HOW TO COMPLETE THIS TASK:
Write out the data below in full, unchanged, minus the images.
>>
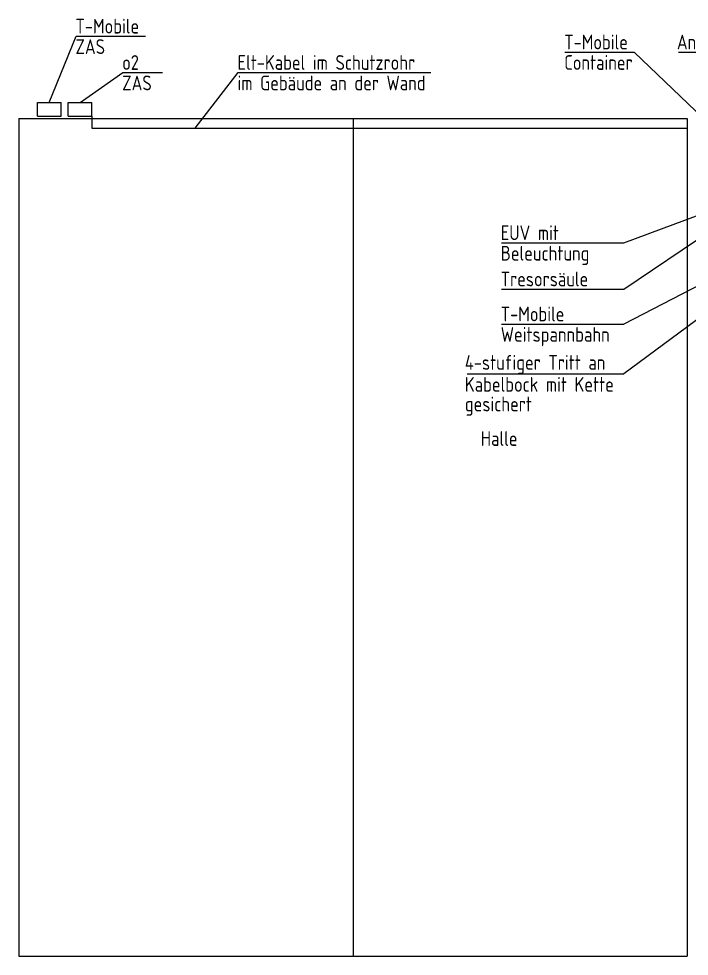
# Model space of a CAD drawing. Header units: millimetres. Extents: x -139278 to 641613, y -260926 to 217780.
# Drawn here: x 116937 to 133987, y -91229 to -67394 of the extents above; entities that cross this region are included whole.
import ezdxf
from ezdxf.enums import TextEntityAlignment as Align

# ---------------------------------------------------------------- set-up
doc = ezdxf.new("R2010")
doc.units = ezdxf.units.MM
doc.layers.add('70_T-Mobile', color=220, linetype='Continuous', lineweight=25)
doc.styles.add('ISOCP', font='ISOCP', dxfattribs={"width": 0.9})

msp = doc.modelspace()

# ---------------------------------------------------------------- linework, layer by layer
for p, q in [((130824.897, -68241.815), (132585.047, -68241.815)), ((134347.188, -69928.968), (132585.047, -68241.815)), ((133715.297, -68241.815), (136451.354, -68241.815)), ((118494.841, -69522.177), (119584.027, -68761.959)), ((119584.027, -68761.959), (120590.811, -68761.959)), ((121427.466, -70174.558), (122516.652, -68761.959)), ((122516.652, -68761.959), (127412.818, -68761.959)), ((118194.841, -69872.177), (118194.841, -69522.177)), ((118194.841, -69522.177), (118794.841, -69522.177)), ((118794.841, -69872.177), (118794.841, -69522.177)), ((116937.127, -69928.968), (116937.127, -91228.968)), ((116937.127, -69928.968), (133937.127, -69928.968)), ((118194.841, -69872.177), (118794.841, -69872.177)), ((125437.127, -69928.968), (125437.127, -91228.968)), ((133937.127, -69928.968), (133937.127, -91228.968)), ((132320.756, -74265.072), (135501.128, -72119.512)), ((132320.756, -73091.186), (134821.438, -72164.218)), ((137347.919, -72692.509), (132320.756, -76425.738)), ((129209.285, -73091.186), (132320.756, -73091.186)), ((129209.285, -74265.072), (132320.756, -74265.072)), ((128338.011, -76425.738), (132320.756, -76425.738)), ((116937.127, -91228.968), (133937.127, -91228.968))]:
    msp.add_line(p, q)
at = {"ltscale": 0.5}
for p, q in [((118794.841, -69872.177), (118794.841, -70174.558)), ((118794.841, -70174.558), (133937.127, -70174.558))]:
    msp.add_line(p, q, dxfattribs=at)
at = {"layer": '70_T-Mobile'}
for p, q in [((117714.09, -69522.177), (118396.597, -67838.742)), ((118396.597, -67838.742), (120156.747, -67838.742)), ((117414.09, -69872.177), (117414.09, -69522.177)), ((117414.09, -69522.177), (118014.09, -69522.177)), ((118014.09, -69872.177), (118014.09, -69522.177)), ((117414.09, -69872.177), (118014.09, -69872.177)), ((136782.047, -72857.897), (132320.756, -75155.607)), ((129209.285, -75155.607), (132320.756, -75155.607))]:
    msp.add_line(p, q, dxfattribs=at)

# ---------------------------------------------------------------- texts
at = {"style": 'ISOCP', "width": 0.9}
for s, p in [('T-Mobile', (130808.468, -68285.93)), ('Anfahrschutz', (133673.056, -68285.93)), ('o2', (119567.598, -68806.075)), ('Elt-Kabel im Schutzrohr', (122500.223, -68806.075)), ('Container', (130808.468, -68805.927)), ('ZAS', (119567.598, -69326.071)), ('im Gebäude an der Wand', (122500.223, -69326.071)), ('EUV mit', (129192.856, -73135.301)), ('Beleuchtung', (129192.856, -73655.298)), ('Tresorsäule', (129192.856, -74309.188)), ('4-stufiger Tritt an', (128281.349, -76431.482)), ('Kabelbock mit Kette', (128281.349, -76989.849)), ('gesichert', (128281.349, -77488.669)), ('Halle', (128685.914, -78366.32))]:
    msp.add_text(s, height=375, dxfattribs=at).set_placement(p, align=Align.BOTTOM_LEFT)
at = {"layer": '70_T-Mobile', "style": 'ISOCP', "width": 0.9}
for s, p in [('T-Mobile', (118380.168, -67882.857)), ('ZAS', (118380.168, -68402.854)), ('T-Mobile', (129192.856, -75199.722)), ('Weitspannbahn', (129192.856, -75719.718))]:
    msp.add_text(s, height=375, dxfattribs=at).set_placement(p, align=Align.BOTTOM_LEFT)

doc.saveas('drawing.dxf')
<<
RESULT:
# Model space of a CAD drawing. Header units: millimetres. Extents: x -139278 to 641613, y -260926 to 217780.
# Drawn here: x 116937 to 133987, y -91229 to -67394 of the extents above; entities that cross this region are included whole.
import ezdxf
from ezdxf.enums import TextEntityAlignment as Align

# ---------------------------------------------------------------- set-up
doc = ezdxf.new("R2010")
doc.units = ezdxf.units.MM
doc.layers.add('70_T-Mobile', color=220, linetype='Continuous', lineweight=25)
doc.styles.add('ISOCP', font='ISOCP', dxfattribs={"width": 0.9})

msp = doc.modelspace()

# ---------------------------------------------------------------- linework, layer by layer
for p, q in [((130824.897, -68241.815), (132585.047, -68241.815)), ((134347.188, -69928.968), (132585.047, -68241.815)), ((133715.297, -68241.815), (136451.354, -68241.815)), ((118494.841, -69522.177), (119584.027, -68761.959)), ((119584.027, -68761.959), (120590.811, -68761.959)), ((121427.466, -70174.558), (122516.652, -68761.959)), ((122516.652, -68761.959), (127412.818, -68761.959)), ((118194.841, -69872.177), (118194.841, -69522.177)), ((118194.841, -69522.177), (118794.841, -69522.177)), ((118794.841, -69872.177), (118794.841, -69522.177)), ((116937.127, -69928.968), (116937.127, -91228.968)), ((116937.127, -69928.968), (133937.127, -69928.968)), ((118194.841, -69872.177), (118794.841, -69872.177)), ((125437.127, -69928.968), (125437.127, -91228.968)), ((133937.127, -69928.968), (133937.127, -91228.968)), ((132320.756, -74265.072), (135501.128, -72119.512)), ((132320.756, -73091.186), (134821.438, -72164.218)), ((137347.919, -72692.509), (132320.756, -76425.738)), ((129209.285, -73091.186), (132320.756, -73091.186)), ((129209.285, -74265.072), (132320.756, -74265.072)), ((128338.011, -76425.738), (132320.756, -76425.738)), ((116937.127, -91228.968), (133937.127, -91228.968))]:
    msp.add_line(p, q)
at = {"ltscale": 0.5}
for p, q in [((118794.841, -69872.177), (118794.841, -70174.558)), ((118794.841, -70174.558), (133937.127, -70174.558))]:
    msp.add_line(p, q, dxfattribs=at)
at = {"layer": '70_T-Mobile'}
for p, q in [((117714.09, -69522.177), (118396.597, -67838.742)), ((118396.597, -67838.742), (120156.747, -67838.742)), ((117414.09, -69872.177), (117414.09, -69522.177)), ((117414.09, -69522.177), (118014.09, -69522.177)), ((118014.09, -69872.177), (118014.09, -69522.177)), ((117414.09, -69872.177), (118014.09, -69872.177)), ((136782.047, -72857.897), (132320.756, -75155.607)), ((129209.285, -75155.607), (132320.756, -75155.607))]:
    msp.add_line(p, q, dxfattribs=at)

# ---------------------------------------------------------------- texts
at = {"style": 'ISOCP', "width": 0.9}
for s, p in [('T-Mobile', (130808.468, -68285.93)), ('Anfahrschutz', (133673.056, -68285.93)), ('o2', (119567.598, -68806.075)), ('Elt-Kabel im Schutzrohr', (122500.223, -68806.075)), ('Container', (130808.468, -68805.927)), ('ZAS', (119567.598, -69326.071)), ('im Gebäude an der Wand', (122500.223, -69326.071)), ('EUV mit', (129192.856, -73135.301)), ('Beleuchtung', (129192.856, -73655.298)), ('Tresorsäule', (129192.856, -74309.188)), ('4-stufiger Tritt an', (128281.349, -76431.482)), ('Kabelbock mit Kette', (128281.349, -76989.849)), ('gesichert', (128281.349, -77488.669)), ('Halle', (128685.914, -78366.32))]:
    msp.add_text(s, height=375, dxfattribs=at).set_placement(p, align=Align.BOTTOM_LEFT)
at = {"layer": '70_T-Mobile', "style": 'ISOCP', "width": 0.9}
for s, p in [('T-Mobile', (118380.168, -67882.857)), ('ZAS', (118380.168, -68402.854)), ('T-Mobile', (129192.856, -75199.722)), ('Weitspannbahn', (129192.856, -75719.718))]:
    msp.add_text(s, height=375, dxfattribs=at).set_placement(p, align=Align.BOTTOM_LEFT)

doc.saveas('drawing.dxf')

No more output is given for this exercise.